# Nachwuchs - designer bittet um Feedback!



## bottiii (30. August 2011)

Servus liebe tutorials.de Community, 
ich suche eine Community wo man Feedback für seine "Gestalteten" Bilder bekommt. 
Ich bin 15 Jahre alt und komme aus Bayern.. 
Bisher hab ich weder ein Forum oder so etwas gefunden...! 
Ich wäre bei Hilfe sehr dankbar****** 
Jetzt hänge ich noch mein neuestes Bild an. 
Bitte um Feedback, hoffe aber nicht nur auf Kommentare wie : "Falsche Kategorie, Gut, Schlecht..   
Bitte kontruktive Kritik! 


[Bitte Thread in die richtige Kategorie verschieben]  
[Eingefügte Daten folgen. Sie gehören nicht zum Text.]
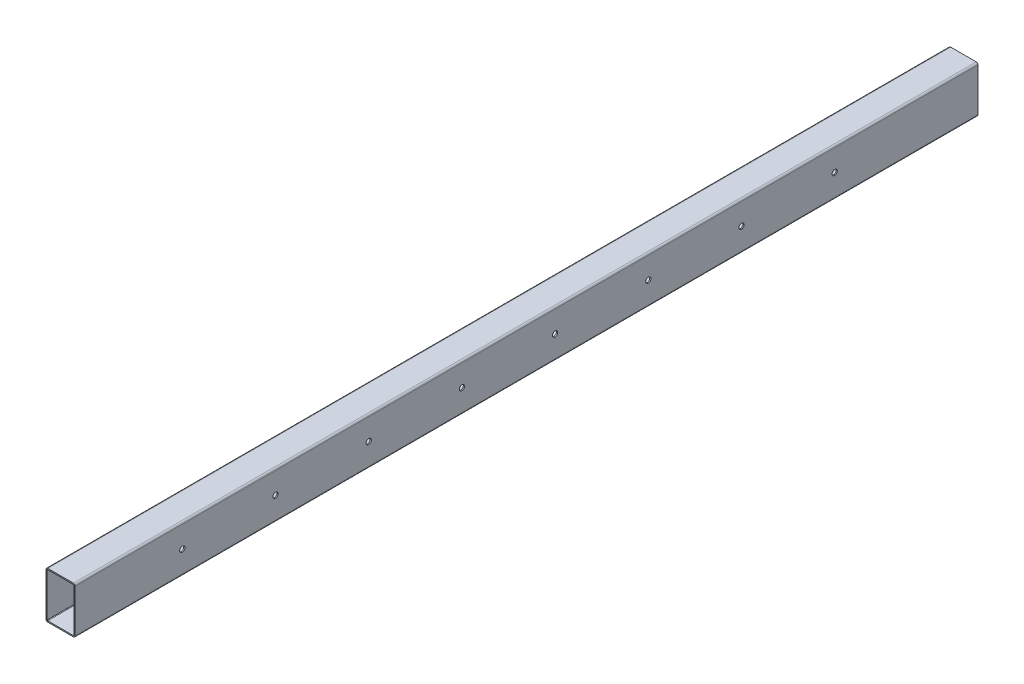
ISO-10303-21;
HEADER;
FILE_DESCRIPTION(('STEP AP214'),'2;1');
FILE_NAME('part.step','',(''),(''),'','','');
FILE_SCHEMA(('AUTOMOTIVE_DESIGN { 1 0 10303 214 1 1 1 1 }'));
ENDSEC;
DATA;
#1=APPLICATION_CONTEXT('core data for automotive mechanical design processes');
#2=APPLICATION_PROTOCOL_DEFINITION('international standard','automotive_design',2000,#1);
#3=PRODUCT_CONTEXT('',#1,'mechanical');
#4=PRODUCT('Part','Part','',(#3));
#5=PRODUCT_RELATED_PRODUCT_CATEGORY('part','',(#4));
#6=PRODUCT_DEFINITION_FORMATION('','',#4);
#7=PRODUCT_DEFINITION_CONTEXT('part definition',#1,'design');
#8=PRODUCT_DEFINITION('design','',#6,#7);
#9=PRODUCT_DEFINITION_SHAPE('','',#8);
#10=(LENGTH_UNIT() NAMED_UNIT(*) SI_UNIT(.MILLI.,.METRE.));
#11=(NAMED_UNIT(*) PLANE_ANGLE_UNIT() SI_UNIT($,.RADIAN.));
#12=(NAMED_UNIT(*) SI_UNIT($,.STERADIAN.) SOLID_ANGLE_UNIT());
#13=UNCERTAINTY_MEASURE_WITH_UNIT(LENGTH_MEASURE(1.E-05),#10,'distance_accuracy_value','');
#14=(GEOMETRIC_REPRESENTATION_CONTEXT(3) GLOBAL_UNCERTAINTY_ASSIGNED_CONTEXT((#13)) GLOBAL_UNIT_ASSIGNED_CONTEXT((#10,
#11,#12)) REPRESENTATION_CONTEXT('',''));
#15=CARTESIAN_POINT('',(0.,0.,0.));
#16=DIRECTION('',(0.,0.,1.));
#17=DIRECTION('',(1.,0.,0.));
#18=AXIS2_PLACEMENT_3D('',#15,#16,#17);
#19=CARTESIAN_POINT('',(3.,77.,-775.));
#20=DIRECTION('',(0.,0.,1.));
#21=DIRECTION('',(1.,0.,0.));
#22=AXIS2_PLACEMENT_3D('',#19,#20,#21);
#23=CYLINDRICAL_SURFACE('',#22,3.00000000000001);
#24=CARTESIAN_POINT('',(3.,77.,775.));
#25=DIRECTION('',(0.,0.,1.));
#26=DIRECTION('',(1.,0.,0.));
#27=AXIS2_PLACEMENT_3D('',#24,#25,#26);
#28=CIRCLE('',#27,3.00000000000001);
#29=CARTESIAN_POINT('',(3.,80.0000000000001,775.));
#30=VERTEX_POINT('',#29);
#31=CARTESIAN_POINT('',(0.,77.,775.));
#32=VERTEX_POINT('',#31);
#33=EDGE_CURVE('E521',#30,#32,#28,.T.);
#34=ORIENTED_EDGE('',*,*,#33,.F.);
#35=DIRECTION('',(0.,0.,1.));
#36=VECTOR('',#35,1.);
#37=CARTESIAN_POINT('',(3.,80.0000000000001,-775.));
#38=LINE('',#37,#36);
#39=CARTESIAN_POINT('',(3.,80.0000000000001,-775.));
#40=VERTEX_POINT('',#39);
#41=EDGE_CURVE('E580',#40,#30,#38,.T.);
#42=ORIENTED_EDGE('',*,*,#41,.F.);
#43=CARTESIAN_POINT('',(3.,77.,-775.));
#44=DIRECTION('',(0.,0.,1.));
#45=DIRECTION('',(1.,0.,0.));
#46=AXIS2_PLACEMENT_3D('',#43,#44,#45);
#47=CIRCLE('',#46,3.00000000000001);
#48=CARTESIAN_POINT('',(0.,77.,-775.));
#49=VERTEX_POINT('',#48);
#50=EDGE_CURVE('E555',#40,#49,#47,.T.);
#51=ORIENTED_EDGE('',*,*,#50,.T.);
#52=DIRECTION('',(0.,0.,1.));
#53=VECTOR('',#52,1.);
#54=CARTESIAN_POINT('',(0.,77.,-775.));
#55=LINE('',#54,#53);
#56=EDGE_CURVE('E579',#49,#32,#55,.T.);
#57=ORIENTED_EDGE('',*,*,#56,.T.);
#58=EDGE_LOOP('',(#34,#42,#51,#57));
#59=FACE_BOUND('',#58,.T.);
#60=ADVANCED_FACE('F348',(#59),#23,.T.);
#61=CARTESIAN_POINT('',(3.,80.0000000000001,-775.));
#62=DIRECTION('',(0.,1.,0.));
#63=DIRECTION('',(-1.,0.,0.));
#64=AXIS2_PLACEMENT_3D('',#61,#62,#63);
#65=PLANE('',#64);
#66=DIRECTION('',(-1.,0.,0.));
#67=VECTOR('',#66,1.);
#68=CARTESIAN_POINT('',(3.,80.0000000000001,775.));
#69=LINE('',#68,#67);
#70=CARTESIAN_POINT('',(47.,80.0000000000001,775.));
#71=VERTEX_POINT('',#70);
#72=EDGE_CURVE('E552',#71,#30,#69,.T.);
#73=ORIENTED_EDGE('',*,*,#72,.F.);
#74=DIRECTION('',(0.,0.,1.));
#75=VECTOR('',#74,1.);
#76=CARTESIAN_POINT('',(47.,80.0000000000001,-775.));
#77=LINE('',#76,#75);
#78=CARTESIAN_POINT('',(47.,80.0000000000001,-775.));
#79=VERTEX_POINT('',#78);
#80=EDGE_CURVE('E583',#79,#71,#77,.T.);
#81=ORIENTED_EDGE('',*,*,#80,.F.);
#82=DIRECTION('',(-1.,0.,0.));
#83=VECTOR('',#82,1.);
#84=CARTESIAN_POINT('',(3.,80.0000000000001,-775.));
#85=LINE('',#84,#83);
#86=EDGE_CURVE('E576',#79,#40,#85,.T.);
#87=ORIENTED_EDGE('',*,*,#86,.T.);
#88=ORIENTED_EDGE('',*,*,#41,.T.);
#89=EDGE_LOOP('',(#73,#81,#87,#88));
#90=FACE_BOUND('',#89,.T.);
#91=ADVANCED_FACE('F692',(#90),#65,.T.);
#92=CARTESIAN_POINT('',(47.,77.,-775.));
#93=DIRECTION('',(0.,0.,1.));
#94=DIRECTION('',(1.,0.,0.));
#95=AXIS2_PLACEMENT_3D('',#92,#93,#94);
#96=CYLINDRICAL_SURFACE('',#95,3.);
#97=CARTESIAN_POINT('',(47.,77.,775.));
#98=DIRECTION('',(0.,0.,1.));
#99=DIRECTION('',(1.,0.,0.));
#100=AXIS2_PLACEMENT_3D('',#97,#98,#99);
#101=CIRCLE('',#100,3.);
#102=CARTESIAN_POINT('',(50.,77.,775.));
#103=VERTEX_POINT('',#102);
#104=EDGE_CURVE('E549',#103,#71,#101,.T.);
#105=ORIENTED_EDGE('',*,*,#104,.F.);
#106=DIRECTION('',(0.,0.,1.));
#107=VECTOR('',#106,1.);
#108=CARTESIAN_POINT('',(50.,77.,-775.));
#109=LINE('',#108,#107);
#110=CARTESIAN_POINT('',(50.,77.,-775.));
#111=VERTEX_POINT('',#110);
#112=EDGE_CURVE('E585',#111,#103,#109,.T.);
#113=ORIENTED_EDGE('',*,*,#112,.F.);
#114=CARTESIAN_POINT('',(47.,77.,-775.));
#115=DIRECTION('',(0.,0.,1.));
#116=DIRECTION('',(1.,0.,0.));
#117=AXIS2_PLACEMENT_3D('',#114,#115,#116);
#118=CIRCLE('',#117,3.);
#119=EDGE_CURVE('E573',#111,#79,#118,.T.);
#120=ORIENTED_EDGE('',*,*,#119,.T.);
#121=ORIENTED_EDGE('',*,*,#80,.T.);
#122=EDGE_LOOP('',(#105,#113,#120,#121));
#123=FACE_BOUND('',#122,.T.);
#124=ADVANCED_FACE('F698',(#123),#96,.T.);
#125=CARTESIAN_POINT('',(50.,2.99999999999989,-775.));
#126=DIRECTION('',(1.,0.,0.));
#127=DIRECTION('',(0.,1.,0.));
#128=AXIS2_PLACEMENT_3D('',#125,#126,#127);
#129=PLANE('',#128);
#130=CARTESIAN_POINT('',(50.,40.,431.));
#131=DIRECTION('',(1.,0.,0.));
#132=DIRECTION('',(0.,1.,0.));
#133=AXIS2_PLACEMENT_3D('',#130,#131,#132);
#134=CIRCLE('',#133,4.50000000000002);
#135=CARTESIAN_POINT('',(50.,44.5000000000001,431.));
#136=VERTEX_POINT('',#135);
#137=EDGE_CURVE('E875',#136,#136,#134,.T.);
#138=ORIENTED_EDGE('',*,*,#137,.F.);
#139=EDGE_LOOP('',(#138));
#140=FACE_BOUND('',#139,.T.);
#141=CARTESIAN_POINT('',(50.,40.,591.));
#142=DIRECTION('',(1.,0.,0.));
#143=DIRECTION('',(0.,1.,0.));
#144=AXIS2_PLACEMENT_3D('',#141,#142,#143);
#145=CIRCLE('',#144,4.50000000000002);
#146=CARTESIAN_POINT('',(50.,44.5000000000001,591.));
#147=VERTEX_POINT('',#146);
#148=EDGE_CURVE('E869',#147,#147,#145,.T.);
#149=ORIENTED_EDGE('',*,*,#148,.F.);
#150=EDGE_LOOP('',(#149));
#151=FACE_BOUND('',#150,.T.);
#152=DIRECTION('',(0.,1.,0.));
#153=VECTOR('',#152,1.);
#154=CARTESIAN_POINT('',(50.,2.99999999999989,775.));
#155=LINE('',#154,#153);
#156=CARTESIAN_POINT('',(50.,2.99999999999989,775.));
#157=VERTEX_POINT('',#156);
#158=EDGE_CURVE('E546',#157,#103,#155,.T.);
#159=ORIENTED_EDGE('',*,*,#158,.F.);
#160=DIRECTION('',(0.,0.,1.));
#161=VECTOR('',#160,1.);
#162=CARTESIAN_POINT('',(50.,2.99999999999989,-775.));
#163=LINE('',#162,#161);
#164=CARTESIAN_POINT('',(50.,2.99999999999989,-775.));
#165=VERTEX_POINT('',#164);
#166=EDGE_CURVE('E587',#165,#157,#163,.T.);
#167=ORIENTED_EDGE('',*,*,#166,.F.);
#168=DIRECTION('',(0.,1.,0.));
#169=VECTOR('',#168,1.);
#170=CARTESIAN_POINT('',(50.,2.99999999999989,-775.));
#171=LINE('',#170,#169);
#172=EDGE_CURVE('E570',#165,#111,#171,.T.);
#173=ORIENTED_EDGE('',*,*,#172,.T.);
#174=ORIENTED_EDGE('',*,*,#112,.T.);
#175=EDGE_LOOP('',(#159,#167,#173,#174));
#176=FACE_BOUND('',#175,.T.);
#177=CARTESIAN_POINT('',(50.,40.,271.));
#178=DIRECTION('',(1.,0.,0.));
#179=DIRECTION('',(0.,1.,0.));
#180=AXIS2_PLACEMENT_3D('',#177,#178,#179);
#181=CIRCLE('',#180,4.50000000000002);
#182=CARTESIAN_POINT('',(50.,44.5000000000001,271.));
#183=VERTEX_POINT('',#182);
#184=EDGE_CURVE('E582',#183,#183,#181,.T.);
#185=ORIENTED_EDGE('',*,*,#184,.F.);
#186=EDGE_LOOP('',(#185));
#187=FACE_BOUND('',#186,.T.);
#188=CARTESIAN_POINT('',(50.,40.,111.));
#189=DIRECTION('',(1.,0.,0.));
#190=DIRECTION('',(0.,1.,0.));
#191=AXIS2_PLACEMENT_3D('',#188,#189,#190);
#192=CIRCLE('',#191,4.50000000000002);
#193=CARTESIAN_POINT('',(50.,44.5000000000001,111.));
#194=VERTEX_POINT('',#193);
#195=EDGE_CURVE('E606',#194,#194,#192,.T.);
#196=ORIENTED_EDGE('',*,*,#195,.F.);
#197=EDGE_LOOP('',(#196));
#198=FACE_BOUND('',#197,.T.);
#199=CARTESIAN_POINT('',(50.,40.,-49.));
#200=DIRECTION('',(1.,0.,0.));
#201=DIRECTION('',(0.,1.,0.));
#202=AXIS2_PLACEMENT_3D('',#199,#200,#201);
#203=CIRCLE('',#202,4.50000000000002);
#204=CARTESIAN_POINT('',(50.,44.5000000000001,-49.));
#205=VERTEX_POINT('',#204);
#206=EDGE_CURVE('E612',#205,#205,#203,.T.);
#207=ORIENTED_EDGE('',*,*,#206,.F.);
#208=EDGE_LOOP('',(#207));
#209=FACE_BOUND('',#208,.T.);
#210=CARTESIAN_POINT('',(50.,40.,-209.));
#211=DIRECTION('',(1.,0.,0.));
#212=DIRECTION('',(0.,1.,0.));
#213=AXIS2_PLACEMENT_3D('',#210,#211,#212);
#214=CIRCLE('',#213,4.50000000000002);
#215=CARTESIAN_POINT('',(50.,44.5000000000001,-209.));
#216=VERTEX_POINT('',#215);
#217=EDGE_CURVE('E618',#216,#216,#214,.T.);
#218=ORIENTED_EDGE('',*,*,#217,.F.);
#219=EDGE_LOOP('',(#218));
#220=FACE_BOUND('',#219,.T.);
#221=CARTESIAN_POINT('',(50.,40.,-369.));
#222=DIRECTION('',(1.,0.,0.));
#223=DIRECTION('',(0.,1.,0.));
#224=AXIS2_PLACEMENT_3D('',#221,#222,#223);
#225=CIRCLE('',#224,4.50000000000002);
#226=CARTESIAN_POINT('',(50.,44.5000000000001,-369.));
#227=VERTEX_POINT('',#226);
#228=EDGE_CURVE('E624',#227,#227,#225,.T.);
#229=ORIENTED_EDGE('',*,*,#228,.F.);
#230=EDGE_LOOP('',(#229));
#231=FACE_BOUND('',#230,.T.);
#232=CARTESIAN_POINT('',(50.,40.,-529.));
#233=DIRECTION('',(1.,0.,0.));
#234=DIRECTION('',(0.,1.,0.));
#235=AXIS2_PLACEMENT_3D('',#232,#233,#234);
#236=CIRCLE('',#235,4.50000000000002);
#237=CARTESIAN_POINT('',(50.,44.5000000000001,-529.));
#238=VERTEX_POINT('',#237);
#239=EDGE_CURVE('E630',#238,#238,#236,.T.);
#240=ORIENTED_EDGE('',*,*,#239,.F.);
#241=EDGE_LOOP('',(#240));
#242=FACE_BOUND('',#241,.T.);
#243=ADVANCED_FACE('F808',(#140,#151,#176,#187,#198,#209,#220,#231,#242),#129,.T.);
#244=CARTESIAN_POINT('',(47.,2.99999999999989,-775.));
#245=DIRECTION('',(0.,0.,1.));
#246=DIRECTION('',(1.,0.,0.));
#247=AXIS2_PLACEMENT_3D('',#244,#245,#246);
#248=CYLINDRICAL_SURFACE('',#247,3.);
#249=CARTESIAN_POINT('',(47.,2.99999999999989,775.));
#250=DIRECTION('',(0.,0.,1.));
#251=DIRECTION('',(-1.,0.,0.));
#252=AXIS2_PLACEMENT_3D('',#249,#250,#251);
#253=CIRCLE('',#252,3.);
#254=CARTESIAN_POINT('',(47.,0.,775.));
#255=VERTEX_POINT('',#254);
#256=EDGE_CURVE('E543',#255,#157,#253,.T.);
#257=ORIENTED_EDGE('',*,*,#256,.F.);
#258=DIRECTION('',(0.,0.,1.));
#259=VECTOR('',#258,1.);
#260=CARTESIAN_POINT('',(47.,0.,-775.));
#261=LINE('',#260,#259);
#262=CARTESIAN_POINT('',(47.,0.,-775.));
#263=VERTEX_POINT('',#262);
#264=EDGE_CURVE('E589',#263,#255,#261,.T.);
#265=ORIENTED_EDGE('',*,*,#264,.F.);
#266=CARTESIAN_POINT('',(47.,2.99999999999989,-775.));
#267=DIRECTION('',(0.,0.,1.));
#268=DIRECTION('',(-1.,0.,0.));
#269=AXIS2_PLACEMENT_3D('',#266,#267,#268);
#270=CIRCLE('',#269,3.);
#271=EDGE_CURVE('E567',#263,#165,#270,.T.);
#272=ORIENTED_EDGE('',*,*,#271,.T.);
#273=ORIENTED_EDGE('',*,*,#166,.T.);
#274=EDGE_LOOP('',(#257,#265,#272,#273));
#275=FACE_BOUND('',#274,.T.);
#276=ADVANCED_FACE('F812',(#275),#248,.T.);
#277=CARTESIAN_POINT('',(3.00000000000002,0.,-775.));
#278=DIRECTION('',(0.,-1.,0.));
#279=DIRECTION('',(0.,0.,-1.));
#280=AXIS2_PLACEMENT_3D('',#277,#278,#279);
#281=PLANE('',#280);
#282=DIRECTION('',(1.,0.,0.));
#283=VECTOR('',#282,1.);
#284=CARTESIAN_POINT('',(3.00000000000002,0.,775.));
#285=LINE('',#284,#283);
#286=CARTESIAN_POINT('',(3.00000000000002,0.,775.));
#287=VERTEX_POINT('',#286);
#288=EDGE_CURVE('E540',#287,#255,#285,.T.);
#289=ORIENTED_EDGE('',*,*,#288,.F.);
#290=DIRECTION('',(0.,0.,1.));
#291=VECTOR('',#290,1.);
#292=CARTESIAN_POINT('',(3.00000000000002,0.,-775.));
#293=LINE('',#292,#291);
#294=CARTESIAN_POINT('',(3.00000000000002,0.,-775.));
#295=VERTEX_POINT('',#294);
#296=EDGE_CURVE('E591',#295,#287,#293,.T.);
#297=ORIENTED_EDGE('',*,*,#296,.F.);
#298=DIRECTION('',(1.,0.,0.));
#299=VECTOR('',#298,1.);
#300=CARTESIAN_POINT('',(3.00000000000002,0.,-775.));
#301=LINE('',#300,#299);
#302=EDGE_CURVE('E564',#295,#263,#301,.T.);
#303=ORIENTED_EDGE('',*,*,#302,.T.);
#304=ORIENTED_EDGE('',*,*,#264,.T.);
#305=EDGE_LOOP('',(#289,#297,#303,#304));
#306=FACE_BOUND('',#305,.T.);
#307=ADVANCED_FACE('F765',(#306),#281,.T.);
#308=CARTESIAN_POINT('',(3.,2.99999999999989,-775.));
#309=DIRECTION('',(0.,0.,1.));
#310=DIRECTION('',(1.,0.,0.));
#311=AXIS2_PLACEMENT_3D('',#308,#309,#310);
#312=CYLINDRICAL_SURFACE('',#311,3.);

http://imageshack.us/photo/my-images/827/bottiartsnbegegif.gif/


----------



## DJTrancelight (30. August 2011)

Hi und Willkommen,

Zu deinem Bild:
Soll das ein Logo sein?

Was mir auffällt ist, dass du durch die Spitzen an den Buchstaben das Ganze sehr unleserlich machst.
Der Gesamteindruck des Bildes ist mir auch zu düster (evtl. von dir aber so gwollt). Und noch viel wichtiger, das Bild ist sehr kontrastarm. Es kommt drauf an, auf welchen Bildteil du den Fokus legen möchtest. Entweder die Schrift oder der Hintergrund. Dementsprechend solltest du dein Hauptobjekt auch farblich hervorbringen, damit dieses heraussticht. 
Versuch mal statt dem blassen Gelb ein leuchtendes Gelb oder noch besser ein schönes Grün, wenn die Schrift herausstechen soll.
z.B.:
R: 104
G: 219
B: 28 
Die Spitzen an den Buchstaben würde ich ohnehin entfernen.


----------